Dataset entries:
--*--
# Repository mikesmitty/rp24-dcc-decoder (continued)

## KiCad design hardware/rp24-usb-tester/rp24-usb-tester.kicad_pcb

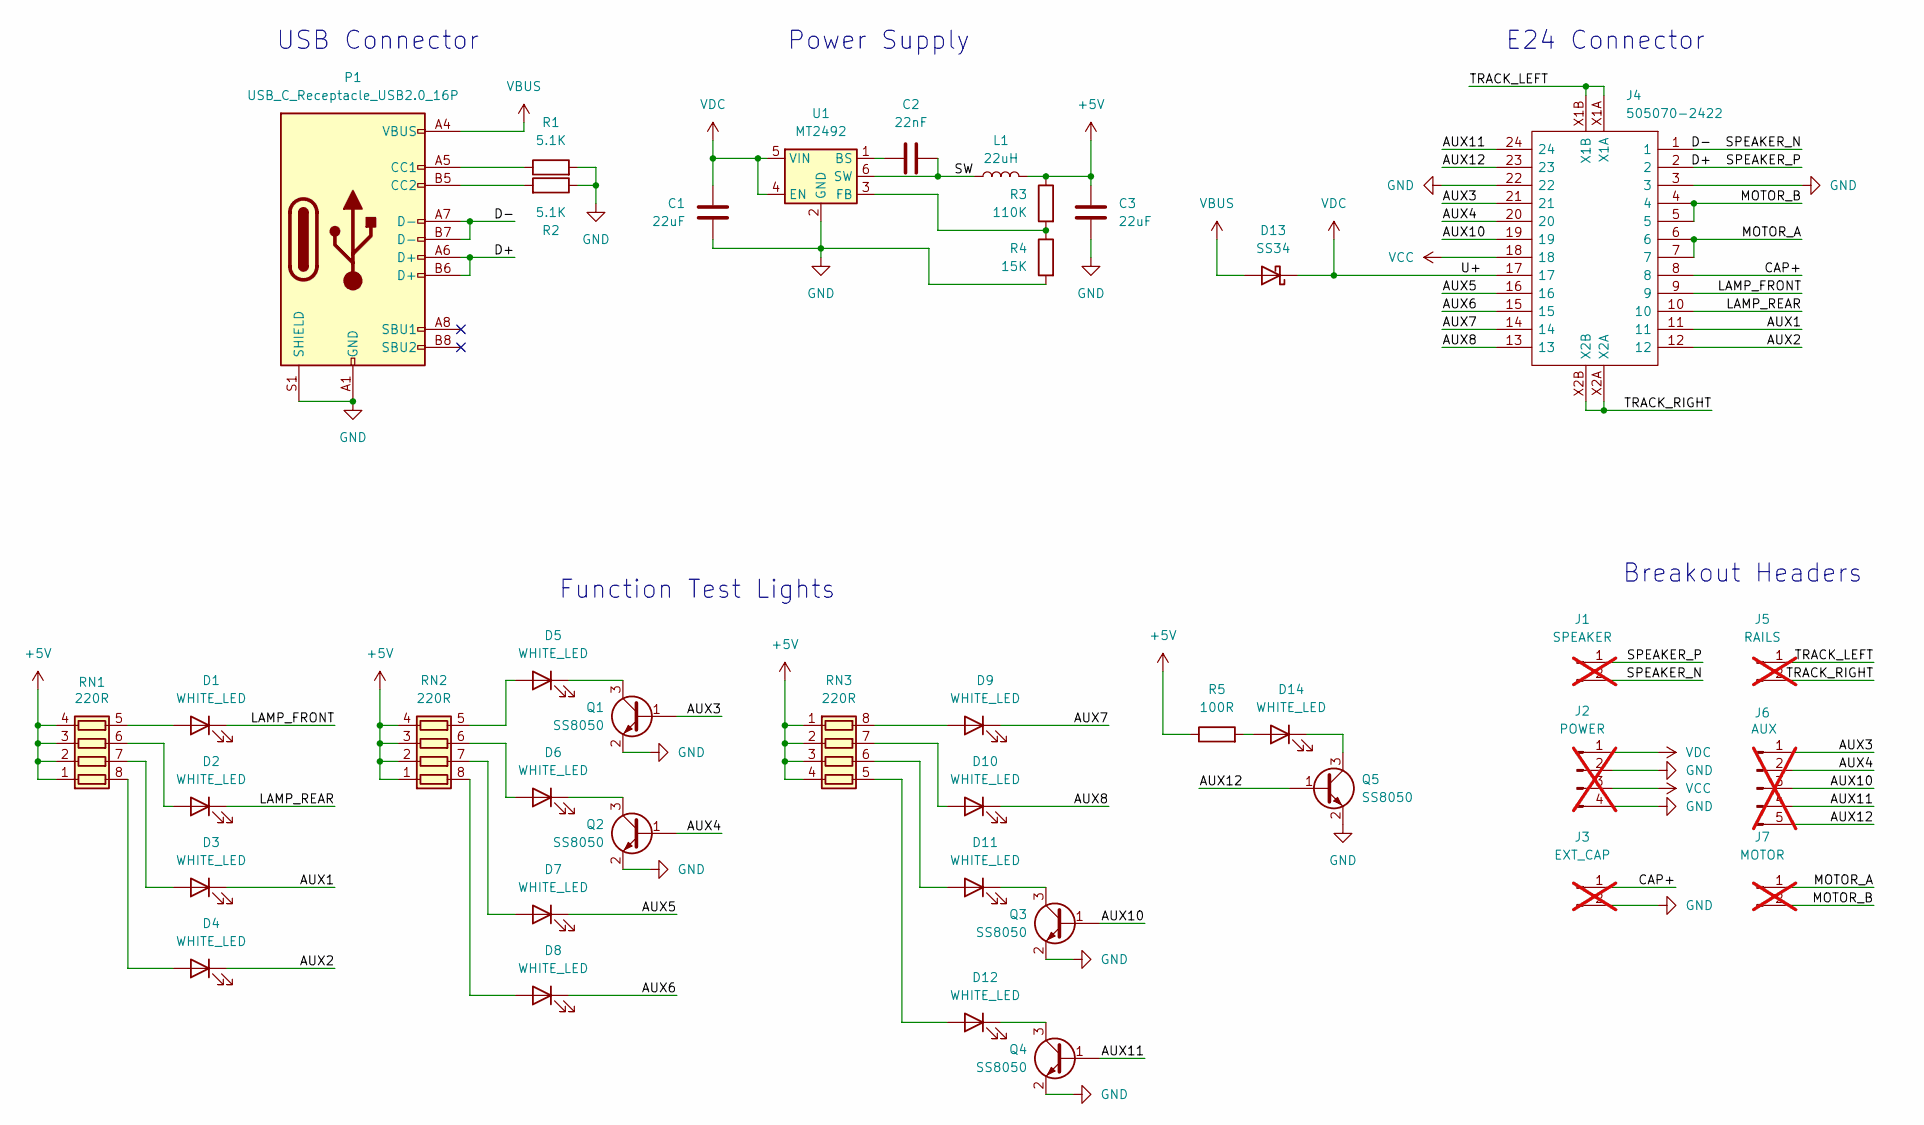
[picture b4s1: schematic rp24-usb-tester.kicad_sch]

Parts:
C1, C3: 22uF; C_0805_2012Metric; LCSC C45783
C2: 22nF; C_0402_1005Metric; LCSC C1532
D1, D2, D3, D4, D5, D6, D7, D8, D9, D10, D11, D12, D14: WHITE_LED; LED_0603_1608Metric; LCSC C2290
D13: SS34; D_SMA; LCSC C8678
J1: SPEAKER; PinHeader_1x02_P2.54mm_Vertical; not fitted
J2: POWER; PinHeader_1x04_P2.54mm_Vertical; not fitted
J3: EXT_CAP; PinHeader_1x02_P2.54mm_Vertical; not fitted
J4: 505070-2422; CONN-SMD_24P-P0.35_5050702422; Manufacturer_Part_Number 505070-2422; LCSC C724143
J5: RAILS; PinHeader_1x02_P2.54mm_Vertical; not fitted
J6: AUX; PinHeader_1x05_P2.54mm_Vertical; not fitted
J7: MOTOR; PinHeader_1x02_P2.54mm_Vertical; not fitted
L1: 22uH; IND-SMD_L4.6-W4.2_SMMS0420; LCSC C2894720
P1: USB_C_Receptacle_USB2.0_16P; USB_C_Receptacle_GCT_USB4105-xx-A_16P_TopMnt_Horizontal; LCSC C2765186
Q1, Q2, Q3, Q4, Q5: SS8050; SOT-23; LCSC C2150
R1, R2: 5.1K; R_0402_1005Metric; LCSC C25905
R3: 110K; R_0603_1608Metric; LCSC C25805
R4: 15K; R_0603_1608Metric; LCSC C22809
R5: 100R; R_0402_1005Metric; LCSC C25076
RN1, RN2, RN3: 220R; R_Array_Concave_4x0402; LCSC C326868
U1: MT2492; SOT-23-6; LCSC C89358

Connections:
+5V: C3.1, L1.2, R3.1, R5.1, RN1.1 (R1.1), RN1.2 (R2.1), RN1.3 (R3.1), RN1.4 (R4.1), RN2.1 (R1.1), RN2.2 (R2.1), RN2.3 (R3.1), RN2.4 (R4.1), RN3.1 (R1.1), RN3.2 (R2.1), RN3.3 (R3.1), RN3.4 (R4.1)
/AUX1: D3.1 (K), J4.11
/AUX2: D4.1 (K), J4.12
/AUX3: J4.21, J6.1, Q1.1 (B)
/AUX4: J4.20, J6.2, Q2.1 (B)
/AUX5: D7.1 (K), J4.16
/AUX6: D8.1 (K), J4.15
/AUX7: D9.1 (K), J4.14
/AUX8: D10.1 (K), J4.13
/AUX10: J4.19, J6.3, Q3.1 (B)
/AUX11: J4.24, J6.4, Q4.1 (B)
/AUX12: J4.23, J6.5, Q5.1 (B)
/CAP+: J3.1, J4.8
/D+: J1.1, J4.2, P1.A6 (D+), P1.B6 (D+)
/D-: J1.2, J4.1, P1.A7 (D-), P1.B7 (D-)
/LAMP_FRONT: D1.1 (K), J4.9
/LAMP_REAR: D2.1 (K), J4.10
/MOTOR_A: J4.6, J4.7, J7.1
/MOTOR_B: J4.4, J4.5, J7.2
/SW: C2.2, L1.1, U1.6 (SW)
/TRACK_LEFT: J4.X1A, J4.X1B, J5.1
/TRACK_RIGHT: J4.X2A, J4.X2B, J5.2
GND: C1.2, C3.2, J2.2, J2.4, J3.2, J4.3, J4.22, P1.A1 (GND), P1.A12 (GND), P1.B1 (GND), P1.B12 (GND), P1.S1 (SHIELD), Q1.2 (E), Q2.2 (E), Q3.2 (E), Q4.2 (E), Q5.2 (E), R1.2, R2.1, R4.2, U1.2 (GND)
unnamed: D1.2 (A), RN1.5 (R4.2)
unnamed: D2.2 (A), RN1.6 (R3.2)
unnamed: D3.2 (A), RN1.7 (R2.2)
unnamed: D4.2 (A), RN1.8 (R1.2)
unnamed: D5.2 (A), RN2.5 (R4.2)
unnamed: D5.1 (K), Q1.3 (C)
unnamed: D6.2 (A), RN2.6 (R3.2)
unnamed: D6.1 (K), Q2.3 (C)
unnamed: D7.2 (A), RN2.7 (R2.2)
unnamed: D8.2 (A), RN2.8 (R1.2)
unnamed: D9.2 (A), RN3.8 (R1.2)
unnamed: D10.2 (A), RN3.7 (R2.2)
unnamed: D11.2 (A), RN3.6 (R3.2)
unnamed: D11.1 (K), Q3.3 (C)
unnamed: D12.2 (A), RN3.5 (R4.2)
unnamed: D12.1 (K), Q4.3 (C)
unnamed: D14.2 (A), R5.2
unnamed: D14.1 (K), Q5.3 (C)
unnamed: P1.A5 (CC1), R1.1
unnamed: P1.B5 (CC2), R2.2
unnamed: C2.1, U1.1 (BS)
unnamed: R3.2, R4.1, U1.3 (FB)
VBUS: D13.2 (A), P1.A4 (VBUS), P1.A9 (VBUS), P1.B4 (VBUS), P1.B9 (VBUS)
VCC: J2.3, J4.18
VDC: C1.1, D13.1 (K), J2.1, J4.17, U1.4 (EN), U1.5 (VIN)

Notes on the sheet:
--*--
- _WORK INSTRUCTION_
Above are records; repeat only the lines starting at the line with "LED_0603_1608Metric; LCSC C2290" and ending at the line with "J3: EXT_CAP; PinHeader_1x02_P2.54mm_Vertical;", exactly as they appear, both included.

- _SOLUTION TO THIS TASK_
D1, D2, D3, D4, D5, D6, D7, D8, D9, D10, D11, D12, D14: WHITE_LED; LED_0603_1608Metric; LCSC C2290
D13: SS34; D_SMA; LCSC C8678
J1: SPEAKER; PinHeader_1x02_P2.54mm_Vertical; not fitted
J2: POWER; PinHeader_1x04_P2.54mm_Vertical; not fitted
J3: EXT_CAP; PinHeader_1x02_P2.54mm_Vertical; not fitted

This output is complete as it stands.